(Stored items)

=-=-=

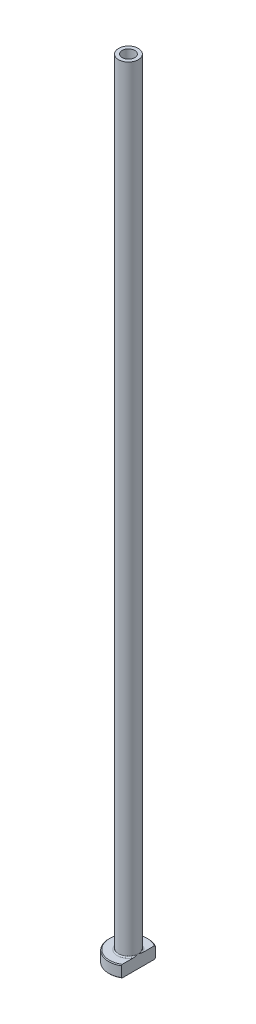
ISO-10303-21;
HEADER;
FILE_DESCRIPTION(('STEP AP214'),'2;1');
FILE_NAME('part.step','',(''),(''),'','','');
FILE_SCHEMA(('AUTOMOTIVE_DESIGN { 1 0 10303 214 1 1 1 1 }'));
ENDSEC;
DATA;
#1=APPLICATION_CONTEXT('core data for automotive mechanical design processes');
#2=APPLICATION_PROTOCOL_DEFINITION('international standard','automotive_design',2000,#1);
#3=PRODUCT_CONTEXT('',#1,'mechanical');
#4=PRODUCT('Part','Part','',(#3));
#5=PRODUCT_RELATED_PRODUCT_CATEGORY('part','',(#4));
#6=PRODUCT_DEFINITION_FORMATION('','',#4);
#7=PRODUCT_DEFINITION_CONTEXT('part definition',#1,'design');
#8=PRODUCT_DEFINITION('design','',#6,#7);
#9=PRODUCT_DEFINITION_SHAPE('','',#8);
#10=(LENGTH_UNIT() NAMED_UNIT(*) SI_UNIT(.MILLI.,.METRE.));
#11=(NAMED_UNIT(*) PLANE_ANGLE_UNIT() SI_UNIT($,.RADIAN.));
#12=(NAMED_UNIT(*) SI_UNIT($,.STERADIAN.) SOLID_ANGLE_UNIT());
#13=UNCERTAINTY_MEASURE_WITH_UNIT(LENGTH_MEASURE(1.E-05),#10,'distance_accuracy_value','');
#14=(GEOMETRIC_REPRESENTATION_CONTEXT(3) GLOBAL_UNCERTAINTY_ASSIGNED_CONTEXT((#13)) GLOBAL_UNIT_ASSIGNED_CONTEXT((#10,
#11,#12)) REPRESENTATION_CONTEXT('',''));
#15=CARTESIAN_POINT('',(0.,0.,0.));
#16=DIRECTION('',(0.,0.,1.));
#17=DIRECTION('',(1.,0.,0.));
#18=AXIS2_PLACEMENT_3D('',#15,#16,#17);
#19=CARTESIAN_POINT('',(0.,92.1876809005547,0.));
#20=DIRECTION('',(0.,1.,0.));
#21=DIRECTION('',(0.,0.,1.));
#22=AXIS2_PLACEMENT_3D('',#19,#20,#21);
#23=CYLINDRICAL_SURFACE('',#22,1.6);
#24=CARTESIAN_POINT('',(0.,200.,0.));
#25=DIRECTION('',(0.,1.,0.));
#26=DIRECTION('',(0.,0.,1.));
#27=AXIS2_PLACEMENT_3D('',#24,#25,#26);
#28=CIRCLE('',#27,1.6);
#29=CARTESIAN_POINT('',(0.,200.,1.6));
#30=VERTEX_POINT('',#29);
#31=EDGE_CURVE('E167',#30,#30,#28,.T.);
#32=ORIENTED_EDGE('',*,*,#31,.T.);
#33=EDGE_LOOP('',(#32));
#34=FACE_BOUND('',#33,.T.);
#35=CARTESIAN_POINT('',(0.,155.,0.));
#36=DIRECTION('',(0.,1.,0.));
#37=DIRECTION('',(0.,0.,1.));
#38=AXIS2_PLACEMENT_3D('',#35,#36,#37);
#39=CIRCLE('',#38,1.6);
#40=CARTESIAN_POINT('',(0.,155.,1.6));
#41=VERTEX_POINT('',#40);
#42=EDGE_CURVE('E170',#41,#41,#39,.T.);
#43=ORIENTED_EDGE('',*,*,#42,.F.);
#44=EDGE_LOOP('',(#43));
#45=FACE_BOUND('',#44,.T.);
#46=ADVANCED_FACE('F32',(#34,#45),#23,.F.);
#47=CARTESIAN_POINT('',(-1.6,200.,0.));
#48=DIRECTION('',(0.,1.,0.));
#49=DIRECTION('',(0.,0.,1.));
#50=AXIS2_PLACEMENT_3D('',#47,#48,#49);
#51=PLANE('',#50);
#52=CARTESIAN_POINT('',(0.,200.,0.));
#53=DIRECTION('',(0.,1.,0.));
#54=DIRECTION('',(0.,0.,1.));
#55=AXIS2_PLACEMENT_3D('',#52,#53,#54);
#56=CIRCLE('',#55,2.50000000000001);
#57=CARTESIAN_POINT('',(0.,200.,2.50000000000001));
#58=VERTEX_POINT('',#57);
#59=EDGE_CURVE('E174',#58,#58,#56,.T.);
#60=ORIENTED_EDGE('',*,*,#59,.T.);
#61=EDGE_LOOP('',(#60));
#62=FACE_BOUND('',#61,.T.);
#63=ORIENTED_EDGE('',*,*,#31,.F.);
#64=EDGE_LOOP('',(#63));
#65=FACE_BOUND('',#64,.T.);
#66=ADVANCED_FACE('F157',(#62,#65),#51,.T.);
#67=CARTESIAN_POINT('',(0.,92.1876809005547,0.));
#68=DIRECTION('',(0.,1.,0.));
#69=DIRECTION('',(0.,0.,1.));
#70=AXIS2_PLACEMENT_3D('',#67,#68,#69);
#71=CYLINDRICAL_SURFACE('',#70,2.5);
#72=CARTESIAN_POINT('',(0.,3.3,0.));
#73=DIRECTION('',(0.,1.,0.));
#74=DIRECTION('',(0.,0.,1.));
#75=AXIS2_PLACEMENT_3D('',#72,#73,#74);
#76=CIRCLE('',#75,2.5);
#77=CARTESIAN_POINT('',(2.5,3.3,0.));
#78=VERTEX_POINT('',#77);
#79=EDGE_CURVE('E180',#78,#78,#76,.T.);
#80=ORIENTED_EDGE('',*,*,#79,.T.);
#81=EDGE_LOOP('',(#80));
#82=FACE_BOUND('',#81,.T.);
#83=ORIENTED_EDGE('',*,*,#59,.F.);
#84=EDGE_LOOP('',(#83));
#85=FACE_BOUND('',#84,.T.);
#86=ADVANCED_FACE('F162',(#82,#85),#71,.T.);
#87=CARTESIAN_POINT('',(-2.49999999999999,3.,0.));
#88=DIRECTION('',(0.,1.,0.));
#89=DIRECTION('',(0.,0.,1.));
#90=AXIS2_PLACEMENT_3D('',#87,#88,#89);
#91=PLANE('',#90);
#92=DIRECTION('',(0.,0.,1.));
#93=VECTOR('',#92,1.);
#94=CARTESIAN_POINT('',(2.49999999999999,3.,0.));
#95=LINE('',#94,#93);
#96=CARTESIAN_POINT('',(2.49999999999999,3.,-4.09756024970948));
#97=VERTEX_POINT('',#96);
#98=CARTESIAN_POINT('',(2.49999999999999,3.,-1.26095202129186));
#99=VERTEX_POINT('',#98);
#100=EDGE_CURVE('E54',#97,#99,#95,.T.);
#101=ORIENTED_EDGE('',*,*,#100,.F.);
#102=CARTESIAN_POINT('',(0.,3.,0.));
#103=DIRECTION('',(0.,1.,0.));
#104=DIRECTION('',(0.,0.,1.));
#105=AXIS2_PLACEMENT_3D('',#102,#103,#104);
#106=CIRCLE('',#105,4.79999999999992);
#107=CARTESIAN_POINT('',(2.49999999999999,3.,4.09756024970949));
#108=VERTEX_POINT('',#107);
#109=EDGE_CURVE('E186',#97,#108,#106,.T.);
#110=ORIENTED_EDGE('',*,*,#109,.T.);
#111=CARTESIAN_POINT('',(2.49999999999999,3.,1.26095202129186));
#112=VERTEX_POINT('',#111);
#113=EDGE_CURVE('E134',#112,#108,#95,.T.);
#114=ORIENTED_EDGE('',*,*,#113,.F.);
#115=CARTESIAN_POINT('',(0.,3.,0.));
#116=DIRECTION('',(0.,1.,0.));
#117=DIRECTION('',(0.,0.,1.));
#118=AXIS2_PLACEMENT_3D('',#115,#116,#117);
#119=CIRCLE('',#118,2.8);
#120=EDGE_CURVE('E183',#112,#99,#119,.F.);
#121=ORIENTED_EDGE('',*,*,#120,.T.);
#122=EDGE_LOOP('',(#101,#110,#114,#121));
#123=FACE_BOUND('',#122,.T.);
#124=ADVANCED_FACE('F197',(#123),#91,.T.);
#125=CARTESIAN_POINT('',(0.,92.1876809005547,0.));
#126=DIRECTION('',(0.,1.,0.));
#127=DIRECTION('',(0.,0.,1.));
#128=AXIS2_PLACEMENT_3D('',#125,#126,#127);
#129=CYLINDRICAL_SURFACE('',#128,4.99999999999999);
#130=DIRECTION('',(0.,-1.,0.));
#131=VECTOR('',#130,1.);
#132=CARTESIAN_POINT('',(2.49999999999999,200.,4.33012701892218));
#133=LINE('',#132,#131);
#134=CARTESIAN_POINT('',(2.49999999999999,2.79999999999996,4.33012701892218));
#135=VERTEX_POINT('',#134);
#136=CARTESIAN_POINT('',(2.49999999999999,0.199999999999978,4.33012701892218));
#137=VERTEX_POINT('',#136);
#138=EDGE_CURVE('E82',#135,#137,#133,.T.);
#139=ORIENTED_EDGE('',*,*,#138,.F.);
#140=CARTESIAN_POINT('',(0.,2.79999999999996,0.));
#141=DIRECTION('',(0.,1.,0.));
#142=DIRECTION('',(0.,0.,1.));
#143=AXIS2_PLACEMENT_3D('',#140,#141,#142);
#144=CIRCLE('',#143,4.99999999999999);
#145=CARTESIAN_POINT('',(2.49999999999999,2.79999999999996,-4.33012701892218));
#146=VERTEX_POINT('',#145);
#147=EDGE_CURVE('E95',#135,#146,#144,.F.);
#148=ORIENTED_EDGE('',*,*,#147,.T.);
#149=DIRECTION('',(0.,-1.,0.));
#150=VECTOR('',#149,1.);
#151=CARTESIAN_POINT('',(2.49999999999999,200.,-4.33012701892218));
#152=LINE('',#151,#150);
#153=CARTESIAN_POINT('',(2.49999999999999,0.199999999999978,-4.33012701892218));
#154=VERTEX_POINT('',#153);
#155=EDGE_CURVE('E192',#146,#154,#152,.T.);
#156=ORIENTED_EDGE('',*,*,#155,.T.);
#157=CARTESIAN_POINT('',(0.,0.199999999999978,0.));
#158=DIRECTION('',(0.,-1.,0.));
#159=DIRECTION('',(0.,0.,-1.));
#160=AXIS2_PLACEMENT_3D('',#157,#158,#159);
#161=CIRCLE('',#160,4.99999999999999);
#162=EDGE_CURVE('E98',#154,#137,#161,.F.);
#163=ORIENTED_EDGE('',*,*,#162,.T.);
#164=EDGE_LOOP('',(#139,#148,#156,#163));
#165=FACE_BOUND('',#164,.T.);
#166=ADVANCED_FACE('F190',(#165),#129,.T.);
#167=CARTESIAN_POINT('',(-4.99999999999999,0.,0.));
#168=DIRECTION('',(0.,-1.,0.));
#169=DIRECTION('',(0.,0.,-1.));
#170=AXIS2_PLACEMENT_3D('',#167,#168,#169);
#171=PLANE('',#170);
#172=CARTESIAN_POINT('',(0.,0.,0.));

=-=-=

### TASK TO COMPLETE
Copy out each line of the entries where the word "mechanical" is found.

### WRITTEN ANSWER
#1=APPLICATION_CONTEXT('core data for automotive mechanical design processes');
#3=PRODUCT_CONTEXT('',#1,'mechanical');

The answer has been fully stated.